Proof. For any strategy for Bob, there is a club of cardinals
$\theta$ such that $V_\theta$ is closed under the strategy, in the
sense that if Alice plays a poset in $V_\theta$ then Bob's strategy
will reply with a strategy in $V_\theta$. So by the stationary
assumption of the theorem, there is a $\kappa$ of countable
cofinality that is closed under the strategy. Alice can now play so
as to collapse more and more of $\kappa$, and Bob will always reply
with a poset below $\kappa$. So the limit forcing will again be the
collapse of $\kappa$, which forces $\sigma$. So Alice can defeat
this strategy.
$\Box$
For example, if the GCH fails on a $\omega$-closed unbounded class of
cardinals (this contradicts SCH), then
Alice can win with $\neg$CH. And if it fails on a stationary class
of such cardinals with countable cofinality, then Bob cannot win the $\neg$CH game.
Theorem. From suitable consistency assumptions, it is
consistent with GBC that the CH game is not determined with respect
to class strategies.
Proof.

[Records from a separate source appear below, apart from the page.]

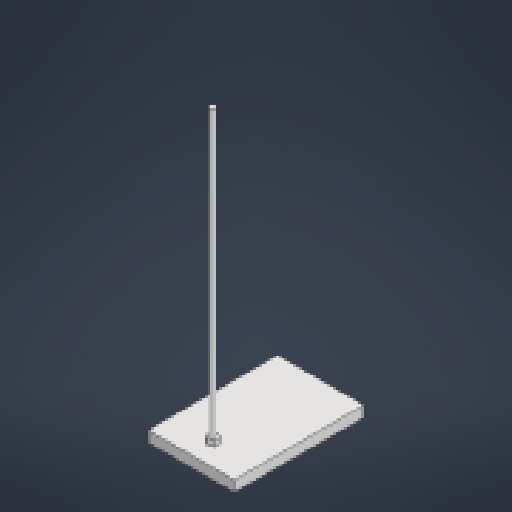
# Autodesk Inventor part: Ring Stand
Saved by Autodesk Inventor 2023.1 (Build 271208000, 208)
## iProperties
Created: 2022-12-06
Part Number: Ring Stand
Material: Generic
Document SubType Name: Modeling
Designer: aubrey-work
Density: 1 g/cm^3
Appearance: Default
Author: aubrey-work
Autodesk Inventor part; units mm, degrees
ref_plane "YZ Plane" through (0, 0, 0) normal (1, 0, 0) x (0, 1, 0)
ref_plane "XZ Plane" through (0, 0, 0) normal (0, 1, 0) x (-1, 0, 0)
ref_plane "XY Plane" through (0, 0, 0) normal (0, 0, 1) x (1, 0, 0)
sketch "Sketch1" plane through (0, 0, 0) normal (0, 1, 0) x (-1, 0, 0)
  line L0 (0, 0) -> (203.2, 0)
  line L1 (203.2, 0) -> (203.2, -304.8)
  line L2 (203.2, -304.8) -> (0, -304.8)
  line L3 (0, -304.8) -> (0, 0)
  dimension "d0" = 203.2
  dimension "d1" = 304.8
  constraints: 8 end point, 2 parallel, 1 horizontal, 1 perpendicular
  measures "d0" distance of L1.end L2.end
  measures "d1" distance of L0.end L1.end
extrude "Extrusion1" add sketch "Sketch1" along normal blind 25.4
sketch "Sketch2" plane through (0, 25.4, 0) normal (0, 1, 0) x (1, 0, 0)
  line L0 (-203.2, 0) -> (0, 0) construction
  line L1 (-101.6, 0) -> (-101.6, 50.8) construction
  line L2 (-101.6, 63.6316) -> (-90.4875, 57.2158)
  line L3 (-90.4875, 57.2158) -> (-90.4875, 44.3842)
  line L4 (-90.4875, 44.3842) -> (-101.6, 37.9684)
  line L5 (-101.6, 37.9684) -> (-112.7125, 44.3842)
  line L6 (-112.7125, 44.3842) -> (-112.7125, 57.2158)
  line L7 (-112.7125, 57.2158) -> (-101.6, 63.6316)
  dimension "d4" = 50.8
  dimension "d9" = 22.225
  constraints: 14 end point, 2 vertical, 1 coincident, 1 midpoint, 13 other
  measures "d4" distance of L1.start L1.end
  measures "d9" distance between parallel lines of L3 L6
extrude "Extrusion2" add sketch "Sketch2" along normal blind 12.3031
sketch "Sketch3" plane through (0, 37.7031, 0) normal (0, 1, 0) x (1, 0, 0)
  line L0 (-112.7125, 57.2158) -> (-112.7125, 44.3842) projected
  line L1 (-112.7125, 44.3842) -> (-101.6, 37.9684) projected
  line L2 (-101.6, 37.9684) -> (-90.4875, 44.3842) projected
  line L3 (-90.4875, 44.3842) -> (-90.4875, 57.2158) projected
  line L4 (-90.4875, 57.2158) -> (-101.6, 63.6316) projected
  line L5 (-101.6, 63.6316) -> (-112.7125, 57.2158) projected
  line L6 (-101.6, 37.9684) -> (-112.7125, 44.3842) construction
  line L7 (-101.6, 63.6316) -> (-101.6, 37.9684) construction
  circle A0 centre (-101.6, 50.8) radius 6.35
  point P0 (0, 0)
  dimension "d8" = 12.7
  constraints: 2 end point, 1 centre point, 1 midpoint, 1 vertical
  measures "d8" diameter of A0
extrude "Extrusion3" add sketch "Sketch3" along normal blind 670.56 contours A0
body "Solid1"

Using the Foreman-Woodin theorem that it is relatively
consistent that GCH fails everywhere, we can perform additional
forcing by first adding a generic class of cardinals, and then
forcing certain instances of GCH by collapsing cardinals. The result will be a model of GBC where the class of
cardinals $\kappa$ of cofinality $\omega$ at which the GCH holds is
both stationary and co-stationary. By the theorem above, considered
from either Alice's or Bob's perspective, either player can defeat
any strategy of the other player. So the game is not determined.
$\Box$
I guess the argument isn't just about CH, but rather any statement $\sigma$ such that there is a stationary/co-stationary class of $\kappa$ of countable cofinality such that $\sigma$ holds after the collapse of $\kappa$. In such a case, neither player can have a winning strategy.
The ideas appear to culminate in answer to question 1.
Theorem. The following are equivalent for any statement $\sigma$.
- Alice has a winning strategy in the $\sigma$ game.
- The class of cardinals $\kappa$ of countable cofinality, such that the collapse forcing of $\kappa$ to $\omega$ forces $\sigma$, contains a class $\omega$-club.
Proof. Statement 2 implies statement 1 by the first theorem above. Conversely, if statement 2 fails, then there is a stationary class of such $\kappa$ where $\sigma$ fails in the collapse extension. In this case, Bob can defeat any strategy for Alice, by Bob's analogue of the second theorem.
$\Box$
Best Answer
As a supplement to Joel's answer, you may want to look at this nice paper of Bollobas, Leader, and Walters concerning continuous games. As a starting point they discuss the classical Lion and Man game introduced by Rado. In this game there is a lion chasing a man inside the unit disk. Both have identical maximum speeds. The lion wins if he catches the man, and the man wins if he is never caught by the lion. If the lion chooses to always run directly toward the man, then he will get arbitrarily close to the man, but never catch him. On the other hand, if the lion instead moves at top speed so that he is always on the radial vector from the centre to the man, it was 'clear' that this was a winning strategy. Proof: without loss of generality, the man stays on the boundary of the disk. However, in 1952, Besicovitch exhibited an ingenious winning strategy for man! Thus, staying on the boundary is with loss of generality for man. Nonetheless, one can ask the perplexing question if lion also has a winning strategy? In this particular game, it turns out that the answer is no. But by changing the metric space, Bollobas, Leader, and Walters prove that there are games in a similar vein where both lion and man have winning strategies!